Century of unconventional gas to require knowledge sharing, transfer

Posted on 17 July 2012

By Linda Hsieh, managing editor

Liao Yongyuan, VP of China National Petroleum Corp (CNPC) and chairman of the 2012 APDT conference, called the 21st century the century of unconventional gas, as he noted that current unconventional gas production shows prospects for future development.

The importance of sharing knowledge and experiences in unconventional oil and gas exploration and production was emphasized by all three speakers at the opening session of the 2012 IADC/SPE Asia Pacific Drilling Technology (APDT) Conference in Tianjin, China, on 9 July. “According to statistics, the world’s unconventional gas resources are 921 trillion cu meters, more than twice of conventional gas,” said Liao Yongyuan, VP of China National Petroleum Corp (CNPC). Mr Liao also served as chairman of the 2012 APDT conference, which was attended by nearly 500 delegates representing 25 countries.

“The current unconventional gas production only accounts for one-seventh of the total, which shows the broad prospects for future development,” Mr Liao said, calling the 21st century the century of unconventional gas.

“With the world becoming more diversified, all countries have strengthened oil and gas cooperation with each other. CNPC is committed to its international strategy and building an integrated international energy company,” he continued.

Stephen Colville, IADC president and CEO, emphasized the need for everyone in the industry to learn from one another and to share information in order to safely, cleanly and responsibly provide the world’s energy.

IADC president and CEO Stephen Colville also noted the need for everyone in the industry to learn from one another and to share information. “The world is looking at our industry not only to provide the energy they so desperately need but for us to provide it safely, cleanly and responsibly,” Mr Colville said. Doing this will require aggressive efforts in three main areas – technology, people, and systems and processes.

“In terms of technology, it’s around capability. Do we have sufficient technologies and new technologies where they are needed all around the world? In terms of people, do we have the new skills that are going to be required to develop these technologies?

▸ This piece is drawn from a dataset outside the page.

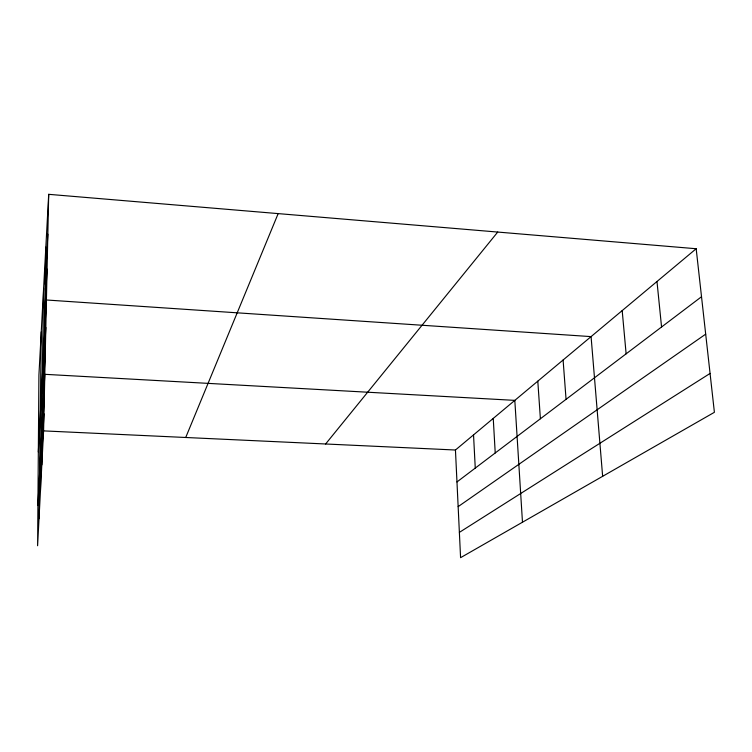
<?xml version="1.0" encoding="UTF-8"?>
<svg xmlns="http://www.w3.org/2000/svg" width="752" height="752" viewBox="0 0 752 752"><rect width="100%" height="100%" fill="white"/><g stroke="black" fill="none" stroke-linecap="round" stroke-linejoin="round"><path stroke-width="1.13" d="M39.01 518.711L41.257 331.876M40.448 491.235L43.607 288.43M41.821 464.905L45.844 247.145M48.701 194.326L38.925 374.966L37.6 545.736L43.597 430.887L48.701 194.326L696.173 248.733L714.4 412.303L460.581 557.674L455.449 450.016L696.173 248.733M43.578 370.003L45.825 327.487M43.155 392.657L45.299 352.124M37.91 505.457L44.819 374.317L514.819 400.374L522.48 522.226M42.432 432.015L44.377 394.997M42.112 449.226L43.973 413.769M45.167 283.993L47.846 234.173M44.565 316.235L47.085 269.113M38.324 452.008L46.427 299.992L591.072 336.614L602.643 476.317M185.725 437.485L278.165 213.606M325.616 443.99L497.73 232.058M456.972 481.947L701.522 296.73M458.147 506.632L705.696 334.142M459.378 532.378L710.067 373.434M43.597 430.887L455.449 450.016M656.985 281.502L661.563 326.998M622.186 310.604L626.125 353.835M563.098 360.011L566.059 399.321M537.802 381.161L540.387 418.761M493.246 418.413L495.23 452.967M473.534 434.9L475.264 468.082"/></g></svg>

And in terms of systems and processes, will we be able to comply with the expectations?” Not only will the industry have to innovate, Mr Colville said, but IADC and its members must do so as well.

“We will continue to work very closely with the regulatory authorities, governments and our members to ensure that the people who will be responsible for taking this industry forward have the required skills and capabilities to do so safely,” Mr Colville continued.

Dr Ganesh Thakur, 2012 SPE president and vice chairman, global advisor and fellow Chevron Energy Technology Company, emphasized horizontal drilling and hydraulic fracturing technologies and investments in development.

Dr Ganesh Thakur, 2012 SPE president and vice chairman, global advisor and fellow Chevron Energy Technology Company, emphasized advanced technologies related to horizontal drilling and hydraulic fracturing, urging more investment in technology development, which encompasses investment in people, over the next 20 years, he said. “Collaboration between industry and countries is imperative to develop technologies and best practices,” he said.